Face à ces difficultés, il est essentiel d’agir le plus tôt possible. Dès les premiers retards de paiement de son loyer, le locataire à tout intérêt à en informer son propriétaire et à rechercher des solutions amiables avant que la dette ne s’aggrave.
- Mobiliser les dispositifs d’aide existants
Des dispositifs peuvent être activés pour éviter une procédure d’expulsion, pour cela :
– vérifier les droits aux aides personnelles au logement (APL, ALF, ALS),
– solliciter le Fonds de solidarité pour le logement maintien (consulter RDAS),
– solliciter un accompagnement social par les services sociaux, les CCAS ou les associations spécialisées,
– proposer un plan d’apurement de la dette locative.
Ces dispositifs visent à maintenir le locataire dans son logement, en sécurisant le paiement du loyer et en accompagnant la gestion budgétaire
- Comprendre ses droits et ses obligations
Le locataire doit connaître le cadre juridique de la procédure d’expulsion. Une expulsion ne peut intervenir qu’après une décision de justice, et des délais existent, notamment pendant la trêve hivernale.
- Se faire accompagner par un travailleur social
ou une association permet souvent de mieux comprendre la situation, d’éviter les erreurs et de défendre ses droits tout en respectant ses obligations. Dans la Nièvre, vous pouvez contacter un travailleur social du Conseil départemental de la Nièvre qui intervient dans les Sites d’action médico-sociale
Vous êtes propriétaire
• Favoriser le dialogue dès les premiers impayés
Pour le propriétaire, l’impayé de loyer représente une source légitime d’inquiétude. Toutefois, une réaction rapide et proportionnée est souvent plus efficace qu’une judiciarisation immédiate. Le dialogue avec le locataire permet d’identifier les causes des difficultés et d’envisager des solutions adaptées, comme un échéancier de paiement.

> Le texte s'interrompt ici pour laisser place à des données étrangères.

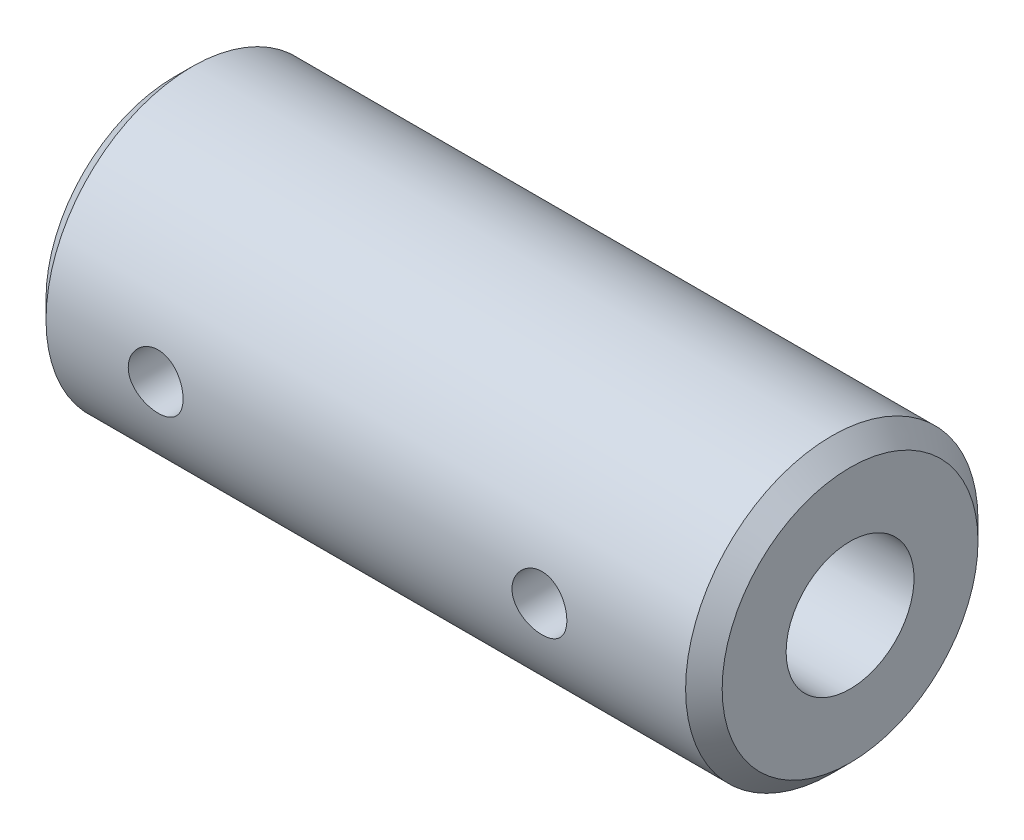
ISO-10303-21;
HEADER;
FILE_DESCRIPTION(('STEP AP214'),'2;1');
FILE_NAME('part.step','',(''),(''),'','','');
FILE_SCHEMA(('AUTOMOTIVE_DESIGN { 1 0 10303 214 1 1 1 1 }'));
ENDSEC;
DATA;
#1=APPLICATION_CONTEXT('core data for automotive mechanical design processes');
#2=APPLICATION_PROTOCOL_DEFINITION('international standard','automotive_design',2000,#1);
#3=PRODUCT_CONTEXT('',#1,'mechanical');
#4=PRODUCT('Part','Part','',(#3));
#5=PRODUCT_RELATED_PRODUCT_CATEGORY('part','',(#4));
#6=PRODUCT_DEFINITION_FORMATION('','',#4);
#7=PRODUCT_DEFINITION_CONTEXT('part definition',#1,'design');
#8=PRODUCT_DEFINITION('design','',#6,#7);
#9=PRODUCT_DEFINITION_SHAPE('','',#8);
#10=(LENGTH_UNIT() NAMED_UNIT(*) SI_UNIT(.MILLI.,.METRE.));
#11=(NAMED_UNIT(*) PLANE_ANGLE_UNIT() SI_UNIT($,.RADIAN.));
#12=(NAMED_UNIT(*) SI_UNIT($,.STERADIAN.) SOLID_ANGLE_UNIT());
#13=UNCERTAINTY_MEASURE_WITH_UNIT(LENGTH_MEASURE(1.E-05),#10,'distance_accuracy_value','');
#14=(GEOMETRIC_REPRESENTATION_CONTEXT(3) GLOBAL_UNCERTAINTY_ASSIGNED_CONTEXT((#13)) GLOBAL_UNIT_ASSIGNED_CONTEXT((#10,
#11,#12)) REPRESENTATION_CONTEXT('',''));
#15=CARTESIAN_POINT('',(0.,0.,0.));
#16=DIRECTION('',(0.,0.,1.));
#17=DIRECTION('',(1.,0.,0.));
#18=AXIS2_PLACEMENT_3D('',#15,#16,#17);
#19=CARTESIAN_POINT('',(81.9500000000005,-6.93,0.));
#20=DIRECTION('',(-1.,0.,0.));
#21=DIRECTION('',(0.,0.,1.));
#22=AXIS2_PLACEMENT_3D('',#19,#20,#21);
#23=CYLINDRICAL_SURFACE('',#22,3.5);
#24=CARTESIAN_POINT('',(118.95,-6.93,0.));
#25=DIRECTION('',(-1.,0.,0.));
#26=DIRECTION('',(0.,0.,1.));
#27=AXIS2_PLACEMENT_3D('',#24,#25,#26);
#28=CIRCLE('',#27,3.5);
#29=CARTESIAN_POINT('',(118.95,-6.93,3.5));
#30=VERTEX_POINT('',#29);
#31=EDGE_CURVE('E146',#30,#30,#28,.T.);
#32=ORIENTED_EDGE('',*,*,#31,.F.);
#33=EDGE_LOOP('',(#32));
#34=FACE_BOUND('',#33,.T.);
#35=CARTESIAN_POINT('',(102.7,-6.93,0.));
#36=DIRECTION('',(-1.,0.,0.));
#37=DIRECTION('',(0.,0.,1.));
#38=AXIS2_PLACEMENT_3D('',#35,#36,#37);
#39=CIRCLE('',#38,3.50000000000001);
#40=CARTESIAN_POINT('',(102.7,-6.93,3.50000000000001));
#41=VERTEX_POINT('',#40);
#42=EDGE_CURVE('E55',#41,#41,#39,.T.);
#43=ORIENTED_EDGE('',*,*,#42,.T.);
#44=EDGE_LOOP('',(#43));
#45=FACE_BOUND('',#44,.T.);
#46=CARTESIAN_POINT('',(111.45,-6.93,3.5));
#47=CARTESIAN_POINT('',(111.449990778561,-7.0101521976824,3.49999299268885));
#48=CARTESIAN_POINT('',(111.443537870245,-7.09041999219824,3.49721516409711));
#49=CARTESIAN_POINT('',(111.417960292715,-7.24867161136121,3.48637069204866));
#50=CARTESIAN_POINT('',(111.398803630211,-7.32664914909057,3.47829069608752));
#51=CARTESIAN_POINT('',(111.348664724801,-7.47776816474641,3.45770786336708));
#52=CARTESIAN_POINT('',(111.317723472538,-7.55092538614674,3.44522036823866));
#53=CARTESIAN_POINT('',(111.24506789625,-7.69093644607188,3.4170283792682));
#54=CARTESIAN_POINT('',(111.203356490849,-7.75779198561141,3.4013247572084));
#55=CARTESIAN_POINT('',(111.108036145875,-7.88692078354612,3.36733908702935));
#56=CARTESIAN_POINT('',(111.053952361923,-7.94882024425246,3.34896947381214));
#57=CARTESIAN_POINT('',(110.936428073884,-8.06299518436931,3.3120882776969));
#58=CARTESIAN_POINT('',(110.87298240993,-8.11526532055664,3.29357662187922));
#59=CARTESIAN_POINT('',(110.734483636294,-8.21142843548185,3.25741027462364));
#60=CARTESIAN_POINT('',(110.658994770358,-8.25473406006014,3.23985230076501));
#61=CARTESIAN_POINT('',(110.500945286533,-8.32786599574425,3.2089808436345));
#62=CARTESIAN_POINT('',(110.41838854792,-8.35769964537364,3.19566505070703));
#63=CARTESIAN_POINT('',(110.252849630691,-8.40147459991436,3.17573899533535));
#64=CARTESIAN_POINT('',(110.170096149073,-8.41613747209694,3.16882610719818));
#65=CARTESIAN_POINT('',(110.003037015233,-8.43140303570396,3.1616242484202));
#66=CARTESIAN_POINT('',(109.918732322351,-8.43201414304565,3.16133131294302));
#67=CARTESIAN_POINT('',(109.758350048152,-8.41969999758096,3.16714786968021));
#68=CARTESIAN_POINT('',(109.682164688394,-8.40788056910827,3.17273435527609));
#69=CARTESIAN_POINT('',(109.532986207111,-8.37290386406528,3.18879205821457));
#70=CARTESIAN_POINT('',(109.459993743072,-8.34974426417224,3.19926427650311));
#71=CARTESIAN_POINT('',(109.317376424263,-8.29228829534658,3.22415342810443));
#72=CARTESIAN_POINT('',(109.247859852886,-8.25775987214028,3.23865147551049));
#73=CARTESIAN_POINT('',(109.115326837971,-8.17871152436692,3.26994246945714));
#74=CARTESIAN_POINT('',(109.052313052537,-8.13418753740297,3.28673634798109));
#75=CARTESIAN_POINT('',(108.928611248188,-8.03171702696059,3.32256202266195));
#76=CARTESIAN_POINT('',(108.868641635264,-7.97292364428053,3.34165927694226));
#77=CARTESIAN_POINT('',(108.759164204673,-7.84593666202554,3.3786730287964));
#78=CARTESIAN_POINT('',(108.709659127061,-7.77774060814,3.39658921627429));
#79=CARTESIAN_POINT('',(108.621378033597,-7.63159291150633,3.4297984684468));
#80=CARTESIAN_POINT('',(108.582910490648,-7.55343557485116,3.44501227516836));
#81=CARTESIAN_POINT('',(108.519924881193,-7.39093984707949,3.47048698130307));
#82=CARTESIAN_POINT('',(108.495398647012,-7.30660510782884,3.48075078019998));
#83=CARTESIAN_POINT('',(108.462533069771,-7.14013811947069,3.49461763446686));
#84=CARTESIAN_POINT('',(108.453230617343,-7.05822898050547,3.49861624982293));
#85=CARTESIAN_POINT('',(108.448185211796,-6.89392834944074,3.50077708325871));
#86=CARTESIAN_POINT('',(108.452438073734,-6.8115370140497,3.49894110265834));
#87=CARTESIAN_POINT('',(108.473707816028,-6.6532287801867,3.48989338160076));
#88=CARTESIAN_POINT('',(108.490034160725,-6.57720053424801,3.48297259736824));
#89=CARTESIAN_POINT('',(108.534010447119,-6.42905443180369,3.46476944004987));
#90=CARTESIAN_POINT('',(108.561661797861,-6.35693706314958,3.45348652424257));
#91=CARTESIAN_POINT('',(108.628400579752,-6.21611151738101,3.42719375756865));
#92=CARTESIAN_POINT('',(108.667818165114,-6.14758012524248,3.41207852694256));
#93=CARTESIAN_POINT('',(108.756609472238,-6.01785754717483,3.37971494195702));
#94=CARTESIAN_POINT('',(108.80598744401,-5.95666951242888,3.36246567824313));
#95=CARTESIAN_POINT('',(108.917644793924,-5.83851620234367,3.32607394349024));
#96=CARTESIAN_POINT('',(108.98061610504,-5.78221691225722,3.30688677499574));
#97=CARTESIAN_POINT('',(109.115391149307,-5.68078284275599,3.2699201884485));
#98=CARTESIAN_POINT('',(109.187197330153,-5.63565116779808,3.2521411627736));
#99=CARTESIAN_POINT('',(109.339406926515,-5.55718062193616,3.21981484643716));
#100=CARTESIAN_POINT('',(109.419941504657,-5.52406792526647,3.20533127997695));
#101=CARTESIAN_POINT('',(109.586263163238,-5.47217057449108,3.18206803761104));
#102=CARTESIAN_POINT('',(109.672045498671,-5.4533731775002,3.17328328988835));
#103=CARTESIAN_POINT('',(109.838995586619,-5.43194025916096,3.16321740581936));
#104=CARTESIAN_POINT('',(109.91997963538,-5.42812653833757,3.16138962881681));
#105=CARTESIAN_POINT('',(110.081394871832,-5.43358674914209,3.16397809086752));
#106=CARTESIAN_POINT('',(110.161826154516,-5.44285837251315,3.16839322866984));
#107=CARTESIAN_POINT('',(110.315520853867,-5.47321785900563,3.18245827118031));
#108=CARTESIAN_POINT('',(110.388939416648,-5.49366517986621,3.19182357178318));
#109=CARTESIAN_POINT('',(110.531310362175,-5.54514882999564,3.2144943728719));
#110=CARTESIAN_POINT('',(110.600261468454,-5.57618816993762,3.22780099349553));
#111=CARTESIAN_POINT('',(110.736410436909,-5.65018397772979,3.25787626150962));
#112=CARTESIAN_POINT('',(110.803234893821,-5.69375972287232,3.27480834339631));
#113=CARTESIAN_POINT('',(110.928990863531,-5.79075111118695,3.30979879908541));
#114=CARTESIAN_POINT('',(110.987919377544,-5.84417047465706,3.32785759700648));
#115=CARTESIAN_POINT('',(111.101003097315,-5.96432832445824,3.36477750877144));
#116=CARTESIAN_POINT('',(111.154414733869,-6.03178518201865,3.38358948911939));
#117=CARTESIAN_POINT('',(111.249214926694,-6.17538738629306,3.41848089249469));
#118=CARTESIAN_POINT('',(111.29059803175,-6.25153665061729,3.43455907522588));
#119=CARTESIAN_POINT('',(111.359344569571,-6.40937319710343,3.46197513636855));
#120=CARTESIAN_POINT('',(111.38690352998,-6.4909635971418,3.47337868320289));
#121=CARTESIAN_POINT('',(111.427634714768,-6.65807434259566,3.49042295491409));
#122=CARTESIAN_POINT('',(111.440851509647,-6.74358164728867,3.49608152963086));
#123=CARTESIAN_POINT('',(111.448880510954,-6.86297323938678,3.49952115812386));
#124=CARTESIAN_POINT('',(111.450003856848,-6.89647650893925,3.50000293079342));
#125=CARTESIAN_POINT('',(111.45,-6.93,3.5));
#126=B_SPLINE_CURVE_WITH_KNOTS('',3,(#46,#47,#48,#49,#50,#51,#52,#53,#54,#55,#56,#57,#58,#59,
#60,#61,#62,#63,#64,#65,#66,#67,#68,#69,#70,#71,#72,#73,#74,#75,#76,#77,#78,#79,#80,#81,#82,#83,
#84,#85,#86,#87,#88,#89,#90,#91,#92,#93,#94,#95,#96,#97,#98,#99,#100,#101,#102,#103,#104,#105,
#106,#107,#108,#109,#110,#111,#112,#113,#114,#115,#116,#117,#118,#119,#120,#121,#122,#123,#124,
#125),.UNSPECIFIED.,.T.,.F.,(4,2,2,2,2,2,2,2,2,2,2,2,2,2,2,2,2,2,2,2,2,2,2,2,2,2,2,2,2,2,2,2,2,
2,2,2,2,2,2,4),(0.,0.240357161374422,0.481321951711673,0.72145613137571,0.961525304807653,
1.21311371779253,1.46484131710872,1.72984780430032,1.99470976114132,2.2462971341405,
2.49773382188956,2.72855360159806,2.95942069041214,3.19532704432401,3.43132944942383,
3.6885491885916,3.94583619550722,4.20973622296857,4.47348148178612,4.71978673747255,
4.96601595851025,5.19915597113057,5.43232499957121,5.67277527577343,5.91332836788287,
6.17201425189599,6.43077196675481,6.69417345394932,6.95734019712948,7.19934244432576,
7.44130200762142,7.67066022550941,7.90008369050322,8.14372375039556,8.38745608120074,
8.65042084666957,8.91350460007054,9.17275427816963,9.43119596989051,9.53172485598107),.UNSPECIFIED.);
#127=CARTESIAN_POINT('',(111.45,-6.93,3.5));
#128=VERTEX_POINT('',#127);
#129=EDGE_CURVE('E83',#128,#128,#126,.T.);
#130=ORIENTED_EDGE('',*,*,#129,.F.);
#131=EDGE_LOOP('',(#130));
#132=FACE_BOUND('',#131,.T.);
#133=ADVANCED_FACE('F34',(#34,#45,#132),#23,.F.);
#134=CARTESIAN_POINT('',(81.9500000000005,-6.93,0.));
#135=DIRECTION('',(-1.,0.,0.));
#136=DIRECTION('',(0.,0.,1.));
#137=AXIS2_PLACEMENT_3D('',#134,#135,#136);
#138=CYLINDRICAL_SURFACE('',#137,8.);
#139=CARTESIAN_POINT('',(82.9500000000005,-6.93,0.));
#140=DIRECTION('',(-1.,0.,0.));
#141=DIRECTION('',(0.,0.,1.));
#142=AXIS2_PLACEMENT_3D('',#139,#140,#141);
#143=CIRCLE('',#142,8.);
#144=CARTESIAN_POINT('',(82.9500000000005,-6.93,8.));
#145=VERTEX_POINT('',#144);
#146=EDGE_CURVE('E137',#145,#145,#143,.T.);
#147=ORIENTED_EDGE('',*,*,#146,.F.);
#148=EDGE_LOOP('',(#147));
#149=FACE_BOUND('',#148,.T.);
#150=CARTESIAN_POINT('',(117.95,-6.93,0.));
#151=DIRECTION('',(-1.,0.,0.));
#152=DIRECTION('',(0.,0.,1.));
#153=AXIS2_PLACEMENT_3D('',#150,#151,#152);
#154=CIRCLE('',#153,8.);
#155=CARTESIAN_POINT('',(117.95,-6.93,8.));
#156=VERTEX_POINT('',#155);
#157=EDGE_CURVE('E140',#156,#156,#154,.T.);
#158=ORIENTED_EDGE('',*,*,#157,.T.);
#159=EDGE_LOOP('',(#158));
#160=FACE_BOUND('',#159,.T.);
#161=CARTESIAN_POINT('',(108.45,-6.93,8.));
#162=CARTESIAN_POINT('',(108.450003189589,-7.01347174646547,7.99999848833852));
#163=CARTESIAN_POINT('',(108.45699107662,-7.0969849927301,7.99868009921714));
#164=CARTESIAN_POINT('',(108.484739995119,-7.2616581298418,7.9935478589052));
#165=CARTESIAN_POINT('',(108.50551265064,-7.34281597415223,7.98973190166897));
#166=CARTESIAN_POINT('',(108.56017270126,-7.5003729618518,7.98003138765458));
#167=CARTESIAN_POINT('',(108.594048252453,-7.57677633068535,7.97414869946483));
#168=CARTESIAN_POINT('',(108.673918876923,-7.72280797309401,7.96095710599783));
#169=CARTESIAN_POINT('',(108.719912969145,-7.79243679447732,7.9536483161829));
#170=CARTESIAN_POINT('',(108.823299768004,-7.9237837159305,7.93831336430504));
#171=CARTESIAN_POINT('',(108.880809444671,-7.98540895503183,7.93028034856351));
#172=CARTESIAN_POINT('',(109.005343309088,-8.09819606135369,7.9144531845865));
#173=CARTESIAN_POINT('',(109.07236817977,-8.14935717689241,7.90665905354528));
#174=CARTESIAN_POINT('',(109.214686088364,-8.24014998665793,7.89212551245005));
#175=CARTESIAN_POINT('',(109.290040370318,-8.27968721969605,7.88539493886182));
#176=CARTESIAN_POINT('',(109.446468915177,-8.34550524332283,7.87384713211987));
#177=CARTESIAN_POINT('',(109.527542684112,-8.37178717713098,7.86902973396962));
#178=CARTESIAN_POINT('',(109.692115230915,-8.410050535035,7.8619226957455));
#179=CARTESIAN_POINT('',(109.775575097204,-8.42219390192039,7.85960445366405));
#180=CARTESIAN_POINT('',(109.943377384809,-8.43233808095346,7.85767197152761));
#181=CARTESIAN_POINT('',(110.027719726303,-8.43034016135374,7.8580574889876));
#182=CARTESIAN_POINT('',(110.193719525267,-8.41238979602362,7.86146292701753));
#183=CARTESIAN_POINT('',(110.275397714301,-8.39662149996045,7.86444808147334));
#184=CARTESIAN_POINT('',(110.434928419783,-8.35186799396207,7.87266183284666));
#185=CARTESIAN_POINT('',(110.51278077351,-8.32288222239499,7.87789052509516));
#186=CARTESIAN_POINT('',(110.662988679001,-8.25233647179299,7.89003855292589));
#187=CARTESIAN_POINT('',(110.735308470581,-8.21070213532456,7.89696783823366));
#188=CARTESIAN_POINT('',(110.872004728541,-8.11609368930416,7.91172971602918));
#189=CARTESIAN_POINT('',(110.936380387715,-8.06311842889265,7.91956240015522));
#190=CARTESIAN_POINT('',(111.056424955673,-7.94633905685297,7.93540001272164));
#191=CARTESIAN_POINT('',(111.111940652452,-7.88237743686068,7.94340571024031));
#192=CARTESIAN_POINT('',(111.211477240676,-7.74596803709882,7.95857386108318));
#193=CARTESIAN_POINT('',(111.255498016871,-7.67352017225577,7.96573630595245));
#194=CARTESIAN_POINT('',(111.33081775387,-7.52203498887467,7.97842539677509));
#195=CARTESIAN_POINT('',(111.362100779118,-7.44298956444649,7.98394999136289));
#196=CARTESIAN_POINT('',(111.410902093093,-7.28063911539869,7.99272505402719));
#197=CARTESIAN_POINT('',(111.428421844046,-7.19733454427779,7.99597576367994));
#198=CARTESIAN_POINT('',(111.448986031019,-7.03014865290338,7.99980360641981));
#199=CARTESIAN_POINT('',(111.45224039153,-6.94629401263413,8.00041950912279));
#200=CARTESIAN_POINT('',(111.444744520453,-6.77923875190781,7.99901543598228));
#201=CARTESIAN_POINT('',(111.433994976935,-6.69603809951961,7.99699558964431));
#202=CARTESIAN_POINT('',(111.398970964817,-6.53331842678178,7.99057111500407));
#203=CARTESIAN_POINT('',(111.374802717463,-6.45377573895394,7.98618522374031));
#204=CARTESIAN_POINT('',(111.313742293222,-6.29987136817537,7.97551842212498));
#205=CARTESIAN_POINT('',(111.276849252435,-6.2255100374049,7.96923738311334));
#206=CARTESIAN_POINT('',(111.190921871841,-6.08318332848679,7.95538030357666));
#207=CARTESIAN_POINT('',(111.141759261464,-6.01529672298488,7.94779086174563));
#208=CARTESIAN_POINT('',(111.032861862638,-5.88866167673546,7.93219343489712));
#209=CARTESIAN_POINT('',(110.973126086999,-5.82991409023913,7.92418541084687));
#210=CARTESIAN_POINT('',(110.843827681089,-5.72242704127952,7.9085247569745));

• S’appuyer sur les dispositifs de sécurisation
Les propriétaires disposent également d’outils pour limiter les risques : la garantie Visale, les assurances loyers impayés, la saisine des dispositifs de prévention des expulsions tels que : la commission de coordination (CCAPEX ), les services sociaux pour envisager un recours au Fonds de solidarité pour le logement (dispositif à destination des locataires). Ces mécanismes contribuent à sécuriser les revenus locatifs tout en évitant une procédure longue et coûteuse. Privilégier les solutions amiables et durables. L’expulsion est souvent une solution de dernier recours, avec des délais importants et une issue parfois incertaine. En privilégiant les accords amiables, le propriétaire peut préserver la relation locative, limiter les pertes financières et participer à une approche socialement responsable de la gestion locative.
Une approche partenariale pour éviter les ruptures
La prévention des expulsions locatives repose sur une logique de coopération entre locataires, propriétaires, services sociaux, collectivités et acteurs associatifs. Agir tôt, partager l’information et mobiliser les dispositifs existants permet, dans de nombreux cas, d’éviter l’expulsion et de sécuriser durablement les situations. Prévenir les expulsions, c’est à la fois protéger le droit au logement et garantir l’équilibre économique de la location : un enjeu commun qui appelle des réponses concertées.